Я не о том… Поскольку вы написали «старший» — это указывает на то, что Алекс знал о «младшем», а ему было тогда лет 16. Хорошо — о нём мог знать Давид, корректирующий записи, но в 1975-м и «младший» не был так уж известен, чтобы присваивать отцу титул «старший».
Zvi Ben-Dov
26 декабря 2020 at 11:53 |
—————————————
но в 1975-м и «младший» не был так уж известен, чтобы присваивать отцу титул «старший».
=======================
Младший с 1959 по 1961 — литературный секретарь Маршака. С 1961 работает в АПН редактором
в распространявшемся за рубежом (в основном, в США) журнале «USSR» («СССР»), позднее переименованном в Soviet Life («Советская жизнь»), а с 1967 — в журнале «Спутник». В 1967 году вступил в КПСС. В 1968 году совместно со своей первой женой В. Н. Чемберджи перевёл и издал в СССР книгу Вуди Гатри «Поезд мчится к славе» (англ. Bound for Glory). В 1970 году перешёл на работу в Комитет по телевидению и радиовещанию (впоследствии Гостелерадио СССР) в качестве комментатора главной редакции радиовещания на США и Англию. В общем, не так уж и неизвестен.
Поверьте, что я это тоже прочёл перед тем, как сделать замечание.
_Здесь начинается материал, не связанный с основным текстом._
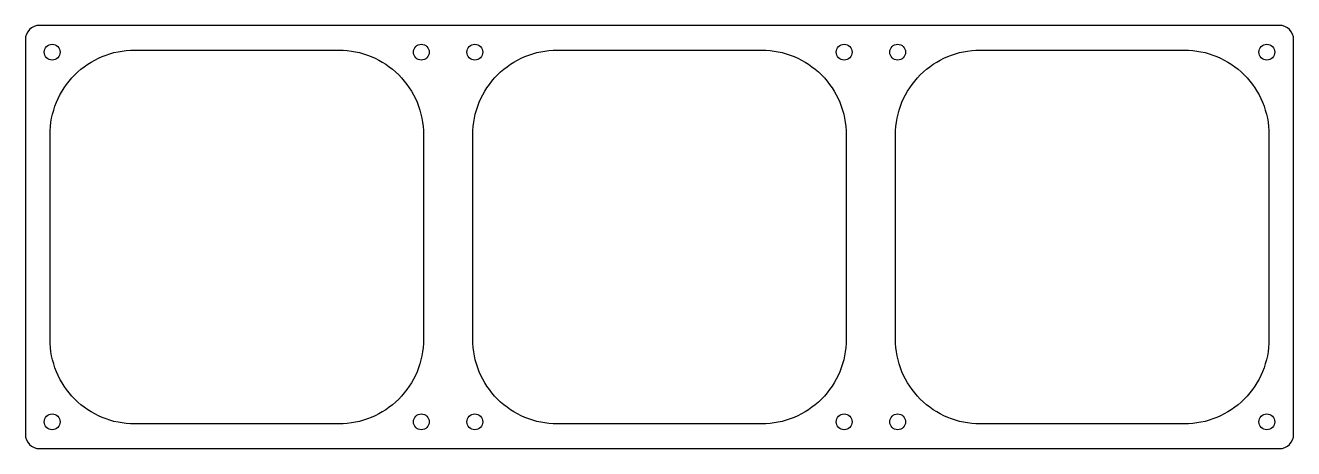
# Model space of a CAD drawing. Header units: millimetres. Extents: x 54 to 414, y 5 to 125.
import ezdxf

# ---------------------------------------------------------------- set-up
doc = ezdxf.new("R2010")
doc.units = ezdxf.units.MM

msp = doc.modelspace()

# ---------------------------------------------------------------- linework, layer by layer
for points in [[(54, 9, 0.414214), (58, 5), (410, 5, 0.414214), (414, 9), (414, 121, 0.414214), (410, 125), (58, 125, 0.414214), (54, 121)], [(61, 36), (61, 94, -0.414214), (85, 118), (143, 118, -0.414214), (167, 94), (167, 36, -0.414214), (143, 12), (85, 12, -0.414214)], [(263, 118, -0.414214), (287, 94), (287, 36, -0.414214), (263, 12), (205, 12, -0.414214), (181, 36), (181, 94, -0.414214), (205, 118)], [(301, 36), (301, 94, -0.414214), (325, 118), (383, 118, -0.414214), (407, 94), (407, 36, -0.414214), (383, 12), (325, 12, -0.414214)]]:
    msp.add_lwpolyline(points, format="xyb", close=True)
for centre in [(61.6, 117.4), (166.4, 117.4), (181.6, 117.4), (286.4, 117.4), (301.6, 117.4), (406.4, 117.4), (61.6, 12.6), (166.4, 12.6), (181.6, 12.6), (286.4, 12.6), (301.6, 12.6), (406.4, 12.6)]:
    msp.add_circle(centre, 2.25)

doc.saveas('drawing.dxf')
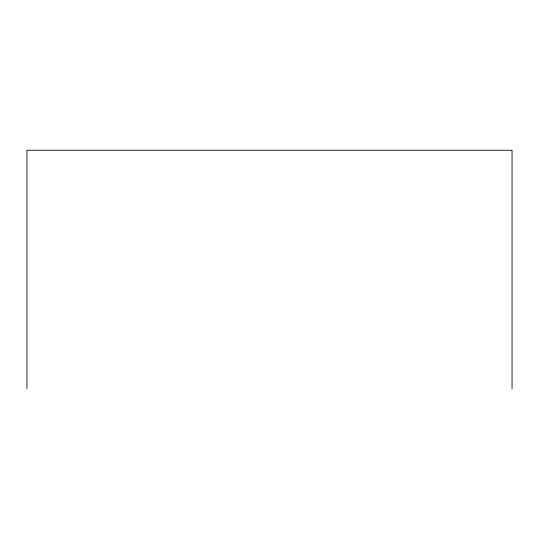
<?xml version="1.0" encoding="UTF-8"?>
<svg xmlns="http://www.w3.org/2000/svg" width="539" height="539" viewBox="0 0 539 539"><rect width="100%" height="100%" fill="white"/><g stroke="black" fill="none" stroke-linecap="round" stroke-linejoin="round"><path stroke-width="0.81" d="M512.05 388.72L512.05 150.28L26.95 150.28L26.95 388.72"/></g></svg>

Дело ваше, конечно, но я бы всё таки после Познер добавил в скобках (старший — прим. автора) и тоже самое около Вейцмана (будущий президент Израиля — прим. автора)
Zvi Ben-Dov
26 декабря 2020 at 11:53 |
==============================
Кроме того, если не указать «старший», то сегодняшний читатель примет его за наиболее известного ему — «младшего»
И вообще — я «ловлю блох». Все относительно серьёзные замечания до сих пор были связаны с накладками из-за смены лица, от имени которого ведётся повествование. Это поправить легко, но требует времени и внимания. Я совсем не уверен, что всё нашёл. Вам самому придётся перед шлфовкой перечитать пару раз.